Developers lie in comments, commits tell truth. We tried using docstrings and README files to identify features. Git history (files changed together) was 3x more accurate.
Blast radius is fractal. The deeper you look, the more dependencies you find. We cap traversal at depth 6 because beyond that, everything depends on everything and the signal disappears.
Probabilistic is better than binary. Early versions gave yes/no answers ("does this affect checkout?"). Confidence scores are way more useful because developers can make risk-based decisions.
How This Actually Helps
You're reviewing a PR that changes database migrations. Glue shows you: "This affects 2 features: User Management (medium risk), Analytics Dashboard (low risk, read-only dependency)."
You see medium risk on User Management. You click through. Glue shows you the files in that feature with high churn and no clear owner. You tag the right people for review. You add tests for the specific code paths affected. You deploy during low traffic.
The PR still lands same day. But instead of "ship and pray," you shipped with informed confidence.
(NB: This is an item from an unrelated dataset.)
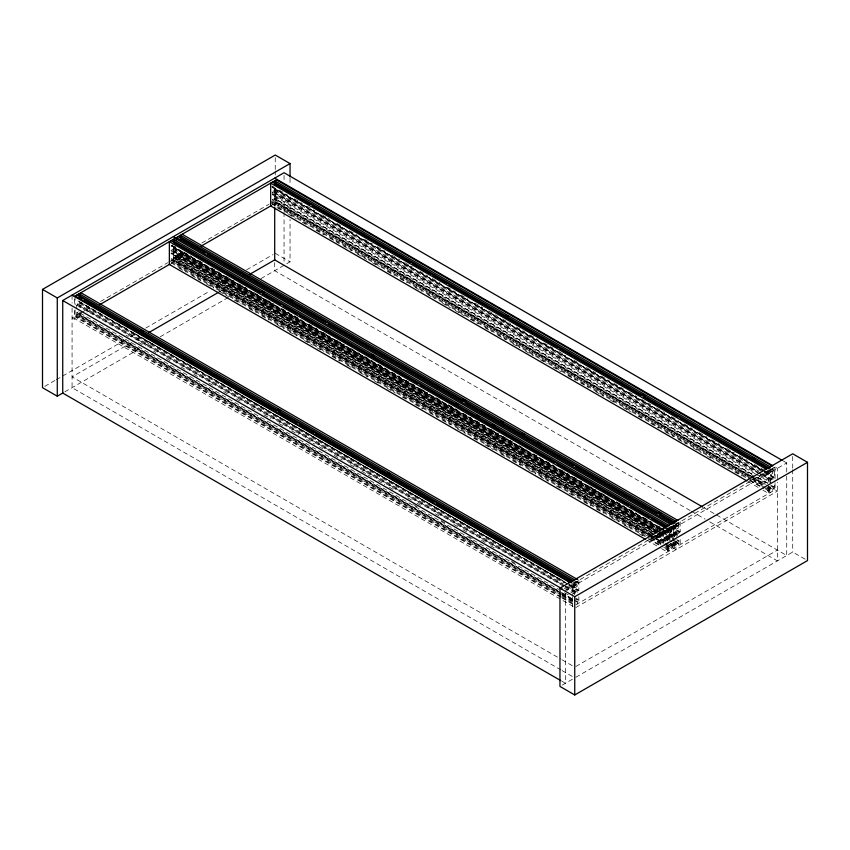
<?xml version="1.0" encoding="UTF-8"?>
<svg xmlns="http://www.w3.org/2000/svg" width="850" height="850" viewBox="0 0 850 850"><rect width="100%" height="100%" fill="white"/><g stroke="black" fill="none" stroke-linecap="round" stroke-linejoin="round"><path stroke-width="0.64" stroke-dasharray="4.25 3.19" d="M173.389 244.502L171.062 245.841L662.171 529.391M274.678 187.531L272.382 186.203L272.382 187.351L274.709 186.001M564.219 585.501L77.711 304.619L77.711 303.663L79.762 302.473L568.576 584.694M659.621 531.76L171.955 250.208L171.955 249.252L174.016 248.062L661.672 529.614M760.941 473.259L273.275 191.707L273.275 190.751L275.336 189.571L762.992 471.112M76.723 307.881L76.723 305.192L77.711 304.619M79.762 302.473L79.762 303.439L80.856 302.812L568.512 584.354M171.955 250.208L170.967 250.782L655.18 530.336M174.016 248.062L174.016 249.018L175.1 248.391L661.608 529.284M755.352 473.864L272.287 194.979L272.287 192.281L273.275 191.707M275.336 189.571L275.336 190.528L276.42 189.901L762.928 470.783M79.762 307.105L79.762 306.127L80.856 305.501L80.856 309.272M669.97 540.43L171.955 252.907L170.967 253.47L668.982 540.993L668.982 538.305L659.781 532.992M658.219 532.249L174.016 252.694L174.016 251.717L175.1 251.09L175.1 261.152L648.954 534.735M272.287 194.979L273.275 194.406L755.193 472.632M759.549 473.758L275.336 194.204L275.336 193.216L276.42 192.589L276.42 202.651L750.284 476.234M171.955 252.907L171.955 253.884L174.016 252.694M275.336 194.204L273.275 195.383L273.275 194.406M561.021 593.417L76.808 313.862L76.808 312.715L78.359 311.822M655.446 530.931L178.128 255.361L178.128 254.224L180.466 252.875L661.226 530.432M748.542 475.851L272.382 200.951L272.382 199.803L274.709 198.464L752.016 474.034M561.329 596.934L75.969 316.721L75.969 314.341L76.808 313.862M653.809 534.533L174.197 257.635L173.389 258.102L653.002 535.001M652.301 532.461L177.289 258.219L177.289 255.85L178.128 255.361M180.466 252.875L180.466 254.012L181.273 253.544L660.886 530.442M751.676 474.045L275.527 199.134L274.709 199.601L754.322 476.499M80.038 313.342L72.069 317.942L74.396 319.292L82.365 314.691M81.175 312.683L89.144 308.082M100.523 301.506L167.694 262.735M168.831 262.076L184.769 252.875M201.854 243.015L269.014 204.234M270.151 203.575L274.709 200.951L750.529 475.756M75.969 316.721L76.808 316.232L561.021 595.786M561.053 594.777L79.146 316.551L79.953 312.046M649.549 537.051L173.389 262.14L174.197 257.635M177.289 258.219L178.128 257.731L178.128 259.399L650.845 532.312M86.923 312.056L91.481 309.432M171.169 263.426L187.106 254.224M272.489 204.924L277.047 202.3L277.047 189.614M44.795 386.346L55.112 380.396M56.259 379.727L126.204 339.352M130.783 336.706L136.521 333.391M145.69 328.1L209.897 291.029M215.634 287.714L230.541 279.108M246.585 269.843L272.956 254.617M131.601 342.518L72.069 376.89L560.968 659.164M136.181 339.873L140.76 337.237M219.757 291.624L235.779 282.37M64.802 391.871L140.983 347.884M145.339 345.366L150.153 342.592M160.225 336.781L245.321 287.64M260.971 278.609L290.041 261.832L290.041 219.343M675.442 524.514L768.538 470.762M769.696 470.092L775.051 467.001L777.389 468.35L777.389 481.026M574.855 581.591L577.15 582.919L577.968 582.452L577.968 584.832L577.15 585.299L573.707 583.302M669.067 528.19L668.227 532.716L669.067 532.227L669.067 533.375L671.404 532.026L671.404 530.878L666.804 528.222M669.099 527.181L671.404 528.509L672.212 528.041L672.212 530.411L671.404 530.878M676.175 523.101L678.47 524.429L679.288 523.951L679.288 526.331L678.47 526.798L675.028 524.801M770.419 468.679L772.724 470.007L773.532 469.54L773.532 471.92L772.724 472.388L769.271 470.39M565.409 590.729L786.728 462.953L786.728 474.853M569.383 584.471L573.984 587.127L574.823 586.638L574.823 587.786L577.15 586.436L577.15 585.299M671.851 526.639L675.304 528.626L676.143 528.148L672.69 526.15M764.947 471.559L769.548 474.215L770.387 473.726L770.387 474.874L772.724 473.524L772.724 472.388M678.47 526.798L678.47 527.935L676.143 529.284L671.543 526.628M578.861 580.274L578.861 590.336L577.777 590.963L577.777 590.006L575.716 591.186L574.727 592.716M673.115 525.852L673.115 535.925L672.021 536.552L672.021 535.585L668.982 538.305M680.181 521.773L680.181 531.834L679.097 532.461L679.097 531.505L677.046 532.695L676.058 534.214L666.857 528.902M772.724 470.007L772.724 468.35L774.435 467.362L774.435 477.424L773.351 478.051L773.351 477.094L770.302 479.804L758.806 473.163M575.599 599.792L577.15 598.899L577.15 600.036L577.968 599.569L577.15 604.074M676.143 541.747L678.47 540.398L678.47 541.535L679.288 541.067L679.288 543.447L678.47 543.915L675.028 541.918M665.933 546.125L668.227 547.453L669.067 545.827L671.404 544.478L671.404 545.626L672.212 545.158L672.212 547.528L671.404 547.995L664.498 544.011M672.998 542.045L675.304 543.373L676.143 542.884L673.838 541.556M767.253 487.634L769.548 488.962L770.387 487.337L772.724 485.987L772.724 487.124L773.532 486.657L773.532 489.037L772.724 489.504L768.124 486.848M663.627 547.177L668.227 549.833L669.067 549.344L669.067 551.013L663.319 547.687M670.703 543.086L675.304 545.742L676.143 545.254L672.69 543.267M764.947 488.676L769.548 491.332L770.387 490.843L770.387 492.511L764.639 489.196M575.822 604.839L775.051 489.823L777.389 491.162L574.749 608.164M575.886 666.453L777.389 550.12M562.254 685.1L574.866 677.822M575.886 677.237L792.721 552.054L807.5 560.586M783.286 460.966L786.728 462.953M770.079 469.922L773.532 471.92M767.253 470.517L772.724 473.524M279.278 190.188L287.332 194.841M294.238 198.826L302.281 203.469M306.882 206.125L314.936 210.779M321.831 214.763L329.885 219.406M336.791 223.391L342.539 226.716M349.435 230.701L357.489 235.344M364.395 239.328L372.438 243.982M377.039 246.638L385.092 251.281M391.999 255.266L400.042 259.909M404.642 262.565L412.696 267.219M419.603 271.203L427.646 275.846M432.246 278.502L440.3 283.156M447.206 287.141L455.249 291.784M461.008 295.109L467.904 299.094M474.81 303.078L482.853 307.721M488.612 311.047L497.813 316.359M502.414 319.016L510.457 323.659M516.205 326.984L525.406 332.297M530.007 334.953L538.061 339.596M543.809 342.922L553.01 348.234M558.769 351.549L565.664 355.534M573.718 360.188L580.614 364.161M586.372 367.487L595.574 372.799M601.322 376.114L609.376 380.768M613.976 383.424L623.178 388.737M628.926 392.052L636.979 396.706M641.58 399.362L650.781 404.674M656.529 407.989L664.583 412.643M671.479 416.627L678.385 420.612M684.133 423.927L692.187 428.581M699.082 432.565L707.136 437.208M711.737 439.864L719.791 444.518M726.686 448.502L734.74 453.146M739.341 455.802L747.384 460.456M754.29 464.44L764.639 470.411M765.786 471.07L770.387 473.726M271.543 186.692L763.799 470.9M272.382 187.351L763.491 470.889M764.639 471.548L770.387 474.874M764.086 471.442L774.435 477.424M764.15 471.782L773.351 477.094M275.336 190.528L762.992 472.069M764.15 472.738L773.351 478.051M273.275 190.751L758.636 470.974M762.928 473.471L773.287 479.453M762.089 473.928L771.29 479.241M275.336 193.216L757.244 471.442M761.844 474.098L773.351 480.739M272.287 192.281L757.648 472.504M760.697 474.417L773.351 481.727M759.794 475.288L771.29 481.929M756.5 474.534L771.29 482.906M757.775 477.349L770.419 484.659M757.435 477.36L770.079 484.67M771.237 485.329L773.532 486.657M755.469 477.169L765.818 483.14M770.419 485.796L772.724 487.124M751.676 476.414L765.478 484.383M766.636 485.053L773.532 489.037M272.382 199.803L753.143 477.371M754.29 478.04L768.092 486.009M751.432 476.903L764.086 484.203M768.687 486.859L774.435 490.174L774.435 481.376M749.721 476.223L274.709 201.971L275.527 201.503L275.527 199.134M750.869 476.882L763.523 484.192M753.143 478.507L763.491 484.489M768.092 487.146L770.387 488.474M271.543 201.429L751.145 478.337M752.303 478.996L766.105 486.965M274.709 203.639L750.869 478.55M752.016 479.209L765.818 487.178M766.976 487.847L772.724 491.162L772.724 489.504M764.639 487.528L272.382 203.32L272.382 204.988M765.786 488.187L770.387 490.843M271.543 203.809L748.85 479.379M749.997 480.038L763.799 488.006M276.983 207.644L281.584 210.301M288.479 214.285L296.533 218.928M302.281 222.254L309.188 226.238M316.083 230.222L324.137 234.866M329.885 238.191L339.086 243.504M343.687 246.16L351.741 250.803M357.489 254.129L366.69 259.441M372.438 262.756L379.344 266.741M387.398 271.394L394.294 275.379M400.042 278.694L406.948 282.678M415.002 287.332L421.897 291.316M427.646 294.631L434.552 298.616M442.606 303.259L450.649 307.913M455.249 310.569L464.451 315.881M470.209 319.196L478.252 323.85M485.159 327.834L492.054 331.819M497.813 335.134L505.856 339.788M512.763 343.772L519.658 347.756M525.406 351.071L533.46 355.725M540.366 359.709L547.262 363.694M553.01 367.009L561.064 371.663M567.97 375.647L576.013 380.29M580.614 382.946L588.668 387.6M595.574 391.584L603.617 396.228M610.523 400.212L616.271 403.527M623.178 407.511L631.221 412.165M638.127 416.149L643.875 419.464M650.781 423.449L658.824 428.103M665.731 432.087L673.784 436.73M678.385 439.386L686.428 444.04M693.334 448.024L701.388 452.668M707.136 455.993L714.032 459.978M720.938 463.962L728.981 468.605M734.74 471.931L741.636 475.915M749.689 480.558L763.491 488.527M747.979 481.546L758.327 487.517M762.928 490.174L768.687 493.499L768.687 487.156M275.251 253.289L290.041 261.832M703.938 507.716L715.572 514.431M716.561 515.004L786.728 555.507L786.728 476.181M690.168 510.542L274.709 270.683L274.709 261.099M691.316 511.201L705.086 519.159M709.676 521.804L777.389 560.894L777.389 482.29M676.982 522.633L679.288 523.951M675.835 524.333L679.288 526.331M672.722 524.62L678.47 527.935M672.998 524.928L676.069 526.841L676.069 535.723M670.979 526.522L680.181 531.834M671.043 526.851L679.097 531.505M669.906 526.713L672.212 528.041M669.896 527.149L679.097 532.461M668.684 527.882L680.181 534.523M667.611 527.754L672.212 530.411M667.845 528.339L677.046 533.651M667.601 528.519L677.949 534.491M666.772 528.53L669.067 529.858M667.601 529.497L677.949 535.468M666.804 529.369L671.404 532.026M666.687 530.368L677.046 536.339M172.21 245.374L176.811 248.03M183.706 252.004L191.76 256.658M198.666 260.642L204.414 263.957M211.31 267.941L219.364 272.595M226.27 276.579L234.313 281.223M238.914 283.879L246.968 288.533M253.863 292.517L261.917 297.16M266.517 299.816L274.571 304.47M281.467 308.454L289.521 313.098M294.121 315.754L302.175 320.408M309.071 324.392L317.124 329.035M322.873 332.361L329.779 336.345M336.674 340.329L344.728 344.973M350.476 348.298L359.678 353.6M364.278 356.256L372.332 360.91M378.08 364.225L387.281 369.538M391.882 372.194L399.936 376.848M405.684 380.163L414.885 385.475M420.644 388.801L427.539 392.785M435.593 397.428L442.489 401.413M448.248 404.738L457.449 410.051M463.197 413.366L471.24 418.019M475.841 420.676L485.042 425.988M490.801 429.303L498.844 433.957M503.444 436.613L512.646 441.926M518.404 445.241L526.447 449.894M533.354 453.879L540.249 457.853M546.008 461.178L554.051 465.821M560.957 469.806L569.011 474.459M573.612 477.116L581.655 481.759M588.561 485.743L596.615 490.397M601.216 493.053L609.259 497.696M616.165 501.681L624.219 506.334M628.819 508.991L636.862 513.634M643.769 517.618L651.822 522.272M658.718 526.256L661.024 527.584M665.624 530.241L669.067 532.227M179.031 249.794L663.244 529.359M664.392 530.017L675.888 536.658M178.043 249.39L663.404 529.603M664.551 530.273L674.9 536.244M171.371 245.852L662.479 529.391M663.627 530.06L668.227 532.716M663.319 530.049L669.067 533.375M662.756 529.943L673.115 535.925M662.819 530.273L672.021 535.585M174.016 249.018L661.672 530.57M662.819 531.239L672.021 536.552M662.373 531.101L676.175 539.07M662.033 531.112L675.835 539.081M676.982 539.739L679.288 541.067M180.466 254.012L657.773 529.582M662.373 532.238L672.722 538.22M171.955 249.252L658.155 529.986M659.313 530.644L673.115 538.613M660.769 532.419L669.97 537.731M174.016 251.717L658.58 531.494M659.738 532.153L673.529 540.122M674.688 540.791L679.288 543.447M178.128 254.224L658.888 531.781M660.046 532.451L670.395 538.422M658.336 531.972L182.176 257.061L182.176 252.036M659.483 532.642L673.285 540.611M674.433 541.269L680.181 544.595L680.181 537.041M659.377 532.918L672.021 540.217M660.046 533.587L672.69 540.898M177.289 255.85L656.901 532.748M658.049 533.407L671.851 541.376M656.625 532.961L180.466 258.049L181.273 253.544M657.773 533.63L671.574 541.588M672.722 542.258L678.47 545.572L678.47 543.915M171.955 253.884L656.168 533.439M657.316 534.108L669.97 541.408M656.901 535.117L669.556 542.428M656.593 535.638L665.794 540.951M670.395 543.607L676.143 546.922M654.149 534.523L173.389 256.955L171.062 258.304L651.822 535.872M655.297 535.192L665.646 541.163M654.957 535.192L668.759 543.161M669.906 543.83L672.212 545.158M654.149 535.659L667.951 543.628M669.099 544.298L671.404 545.626M652.577 535.298L176.417 260.387L176.417 248.976M653.735 535.957L667.537 543.926M668.684 544.595L674.433 547.91L674.433 541.567M649.209 534.246L173.389 259.441L173.389 246.766M650.356 534.916L664.158 542.884M665.306 543.543L672.212 547.528M652.97 536.531L666.772 544.499M650.112 535.394L662.756 542.704M667.356 545.36L673.115 548.675L673.115 539.867M173.389 260.472L648.401 534.714M649.549 535.383L663.351 543.352M171.062 259.441L650.664 536.35M651.822 537.009L665.624 544.977M666.772 545.647L669.067 546.975M171.371 260.599L649.825 536.828M650.972 537.497L664.774 545.466M650.696 537.71L661.045 543.692M665.646 546.348L671.404 549.663L671.404 547.995M171.062 261.821L646.064 536.063M650.664 538.719L661.024 544.691M665.624 547.347L669.067 549.344M171.371 262.969L647.53 537.88M648.678 538.539L662.479 546.508M179.106 268.132L186.012 272.117M191.76 275.442L200.961 280.755M206.709 284.07L213.616 288.054M219.364 291.369L228.565 296.682M234.313 300.007L241.219 303.992M249.262 308.635L256.169 312.619M261.917 315.945L268.823 319.929M276.866 324.572L283.772 328.557M289.521 331.882L296.427 335.867M304.47 340.51L312.524 345.164M317.124 347.82L324.031 351.804M332.074 356.447L340.127 361.101M347.034 365.086L351.634 367.742M359.678 372.385L367.731 377.039M374.638 381.023L379.238 383.679M387.281 388.322L395.335 392.966M402.241 396.95L406.842 399.606M414.885 404.26L422.939 408.903M429.845 412.888L437.888 417.541M442.489 420.197L450.543 424.841M457.449 428.825L465.492 433.479M473.546 438.122L478.146 440.778M485.042 444.763L493.096 449.416M501.149 454.059L505.75 456.716M512.646 460.7L520.699 465.354M528.753 469.997L535.649 473.981M540.249 476.638L548.303 481.291M556.357 485.934L563.253 489.919M569.011 493.244L575.907 497.218M583.961 501.872L590.856 505.856M596.615 509.171L603.511 513.156M611.564 517.809L618.46 521.794M624.219 525.109L631.114 529.093M639.168 533.747L643.769 536.403M648.369 539.059L662.171 547.028M646.659 540.048L660.461 548.016M661.608 548.675L667.356 552.001L667.356 545.657M575.662 581.124L577.968 582.452M573.367 582.176L577.968 584.832M572.549 583.78L577.15 586.436M571.37 584.651L574.823 586.638M79.422 301.591L103.573 315.541M109.321 318.856L123.123 326.825M124.281 327.494L133.482 332.807M134.629 333.466L150.726 342.763M151.874 343.432L176.035 357.372M180.636 360.028L203.639 373.309M208.239 375.966L231.242 389.247M235.843 391.903L509.575 549.939M510.723 550.609L537.179 565.877M538.326 566.546L563.635 581.145M77.956 300.921L179.169 359.359M180.327 360.017L574.823 587.786M569.659 585.023L578.861 590.336M569.723 585.352L577.777 590.006M79.762 303.439L563.975 582.994M568.576 585.65L577.777 590.963M77.711 303.663L563.072 583.886M567.364 586.383L578.861 593.024M565.367 586.171L575.716 592.142M79.762 306.127L563.975 585.682M565.122 586.351L576.629 592.992M76.723 305.192L564.379 586.744M565.122 587.329L577.777 594.639M126.012 335.208L128.318 336.536M138.667 342.507L142.12 344.505M153.616 351.146L155.922 352.474M166.271 358.445L170.871 361.101M181.22 367.072L185.821 369.729M193.874 374.382L198.475 377.039M208.824 383.01L213.424 385.666M223.773 391.648L228.374 394.304M236.428 398.947L241.028 401.604M251.377 407.586L255.977 410.242M264.031 414.885L270.938 418.869M278.981 423.523L283.581 426.179M291.635 430.822L298.541 434.807M306.584 439.461L314.638 444.104M319.239 446.76L326.134 450.744M334.188 455.398L342.242 460.041M350.296 464.684L357.191 468.669M361.792 471.325L372.141 477.307M377.899 480.622L384.795 484.606M389.396 487.263L393.996 489.919M407.798 497.888L412.399 500.544M416.999 503.2L421.6 505.856M435.402 513.825L440.002 516.481M453.804 524.45L458.405 527.106M463.006 529.763L467.606 532.419M481.408 540.388L486.009 543.044M490.609 545.7L495.21 548.356M564.219 588.2L575.716 594.841M413.493 504.613L418.094 507.269M441.097 520.551L445.697 523.207M468.701 536.488L473.301 539.144M511.254 561.053L515.854 563.709M575.662 598.241L577.968 599.569M80.293 313.172L558.747 589.411M564.506 592.737L569.107 595.393M76.808 312.715L561.021 592.269M561.861 592.641L574.823 600.238M575.662 600.61L577.968 601.938M79.146 314.882L561.053 593.109M562.201 593.778L574.855 601.077M562.169 594.076L574.823 601.386M75.969 314.341L561.329 594.564M562.477 595.223L573.984 601.864M562.201 595.446L574.855 602.746M562.169 596.456L574.823 603.755M562.477 597.603L573.984 604.244M561.021 597.454L76.808 317.9L76.808 316.232M562.169 598.113L574.823 605.423M573.112 606.411L75.098 318.888L75.098 310.006M562.126 659.823L574.749 667.112M560.968 669.938L72.069 387.674L72.069 307.796M562.126 670.607L574.749 677.896M561.967 681.296L565.409 683.283L565.409 593.374M792.721 456.45L792.721 468.392M792.721 469.721L792.721 552.054M775.051 467.001L775.051 482.216M775.051 483.48L775.051 489.823M770.387 469.689L769.548 474.215M770.302 479.804L770.302 482.502M769.548 488.962L769.548 491.332M768.687 470.677L768.687 482.088M678.47 522.761L678.47 524.429M676.143 524.099L675.304 528.626M676.069 540.791L676.069 549.663L673.731 548.314L673.731 541.981M675.304 543.373L675.304 545.742M674.433 525.087L674.433 540.303M673.731 540.706L673.731 525.491L573.112 583.589L573.112 593.736M671.404 526.841L671.404 528.509M668.227 547.453L668.227 549.833M667.356 529.178L667.356 540.589M578.861 596.796L578.861 603.086L80.856 315.562L80.856 310.537M577.15 581.251L577.15 582.919M574.823 582.601L573.984 587.127M574.749 594.596L574.749 585.342L572.411 583.992L572.411 595.404M572.411 596.668L572.411 606.815M290.041 178.181L290.041 184.811M290.041 196.764L290.041 214.03M284.049 175.376L284.049 181.996M284.049 193.885L284.049 211.076M284.049 212.404L284.049 263.967M275.251 157.696L275.251 169.639M275.251 170.967L275.251 174.951M275.251 188.232L275.251 205.488M274.709 188.264L274.709 205.891M175.727 248.115L175.727 260.791M175.1 245.884L175.1 248.391M75.098 296.066L75.098 304.938M74.396 299.009L74.396 305.341M74.396 310.42L74.396 319.292M72.069 295.12L72.069 303.057"/><path stroke-width="1.27" d="M63.017 392.902L57.279 396.206L42.5 387.674L42.5 289.414L275.251 155.04L290.041 163.572L290.041 176.853M42.5 289.414L57.279 297.946L290.041 163.572M560.819 680.638L62.73 393.061L62.73 300.507L284.049 172.731L782.138 460.307M74.396 296.469L277.047 179.477M669.099 525.513L173.389 239.317L174.197 242.887L260.461 292.697M79.146 297.766L79.953 297.298L82.248 298.626M180.466 239.275L181.273 238.808L205.424 252.748M274.709 184.864L275.527 184.397L310.027 204.319M99.45 304.831L170.032 264.074M200.77 246.33L271.352 205.583M148.771 332.605L218.609 292.283M249.518 274.444L274.709 259.898L702.791 507.046M559.959 588.168L792.721 453.794L807.5 462.326L807.5 560.586L574.749 694.96L559.959 686.428L559.959 588.168L574.749 596.711L807.5 462.326M274.709 178.128L772.799 465.694M276.42 179.839L772.129 466.034M770.419 467.022L274.709 180.816L274.709 182.484L769.271 468.021M505.548 314.829L507.854 316.158M642.419 393.848L644.714 395.176M752.834 457.587L755.129 458.915M272.382 182.166L769.239 469.03M312.322 205.647L410.093 262.087M412.388 263.415L430.791 274.04M433.096 275.368L446.898 283.337M449.193 284.665L557.303 347.076M559.608 348.404L641.272 395.558M643.567 396.886L678.077 416.797M680.372 418.126L767.784 468.594M766.381 469.349L270.672 183.154L270.672 205.976L746.831 480.877M182.176 234.249L677.886 520.444M676.175 521.433L180.466 235.238L180.466 236.895L675.028 522.431M290.541 299.519L292.836 300.847M463.059 399.118L466.512 401.115M501.011 421.026L503.317 422.354M521.719 432.979L524.014 434.308M537.816 442.276L540.122 443.604M658.58 512.008L660.886 513.336M178.128 236.576L674.996 523.441M207.729 254.076L326.188 322.469M328.493 323.797L463.059 401.487M465.354 402.815L573.474 465.237M575.769 466.565L657.433 513.708M659.738 515.036L673.529 523.005M672.138 523.759L176.417 237.564L176.417 240.104M173.389 236.619L175.727 237.968M175.1 238.329L670.809 524.524M261.609 290.987L263.914 292.315M372.024 354.726L374.329 356.054M455.983 403.208L458.288 404.536M476.691 415.161L478.986 416.489M492.788 424.458L495.093 425.786M173.389 240.986L667.951 526.522M171.062 240.667L666.772 526.862M262.756 294.026L281.159 304.64M283.464 305.968L297.266 313.937M299.561 315.265L418.03 383.669M420.336 384.997L554.901 462.687M557.196 464.015L628.511 505.187M630.806 506.515L649.209 517.129M651.514 518.457L665.306 526.426M666.209 528.509L169.352 241.655L169.352 264.477L645.511 539.378M80.856 292.74L577.713 579.604M574.855 579.923L79.146 293.728L79.146 295.396L573.707 580.933M140.909 330.119L143.214 331.447M277.78 409.147L280.075 410.476M388.195 472.887L390.49 474.215M508.959 542.608L511.254 543.936M76.808 295.078L572.518 581.273M84.554 299.954L276.622 410.848M278.928 412.176L297.33 422.801M299.625 424.129L313.427 432.098M315.733 433.426L434.191 501.819M436.496 503.147L571.062 580.847M75.098 296.066L571.965 582.93M72.069 295.12L570.159 582.686M62.73 300.507L561.967 588.742M574.749 596.711L574.749 694.96M275.527 182.017L275.527 184.397M274.709 207.209L274.709 260.1M181.273 236.428L181.273 238.808M79.953 294.929L79.953 297.298M57.279 297.946L57.279 396.206"/></g></svg>

That's the point. Not to prevent all changes (that's stagnation). To predict consequences so you can prepare.
The Gaps We're Still Filling
This system isn't perfect. Here's what we're working on:
Cross-service dependencies. We handle microservices within one repo well. Multi-repo dependencies require explicit integration config (we support API contracts and OpenAPI specs, but adoption is spotty).
Mobile client impact. Backend changes break mobile apps, but mobile release cycles are slow. We're building client version dependency tracking so you can model "which app versions break if we deprecate this endpoint?"
Performance impact prediction. We know what breaks, not how fast it runs after changes. Adding query latency modeling to predict performance regressions.
Human expertise capture. Senior engineers know things that aren't in code or git history. We're experimenting with annotation tools to capture "I changed X and Y broke, even though there's no visible dependency."
Why This Matters More Now
Codebases are getting bigger. Teams are getting distributed. Knowledge is spreading thinner. The engineer who remembers why that weird validation exists is on PTO when the incident happens.
You can't rely on human memory anymore. You need systems that know your codebase better than anyone person does.
That's what we built. A blast radius oracle that actually works.
You can keep playing Russian roulette with deploys, or you can ask the oracle first. Your choice.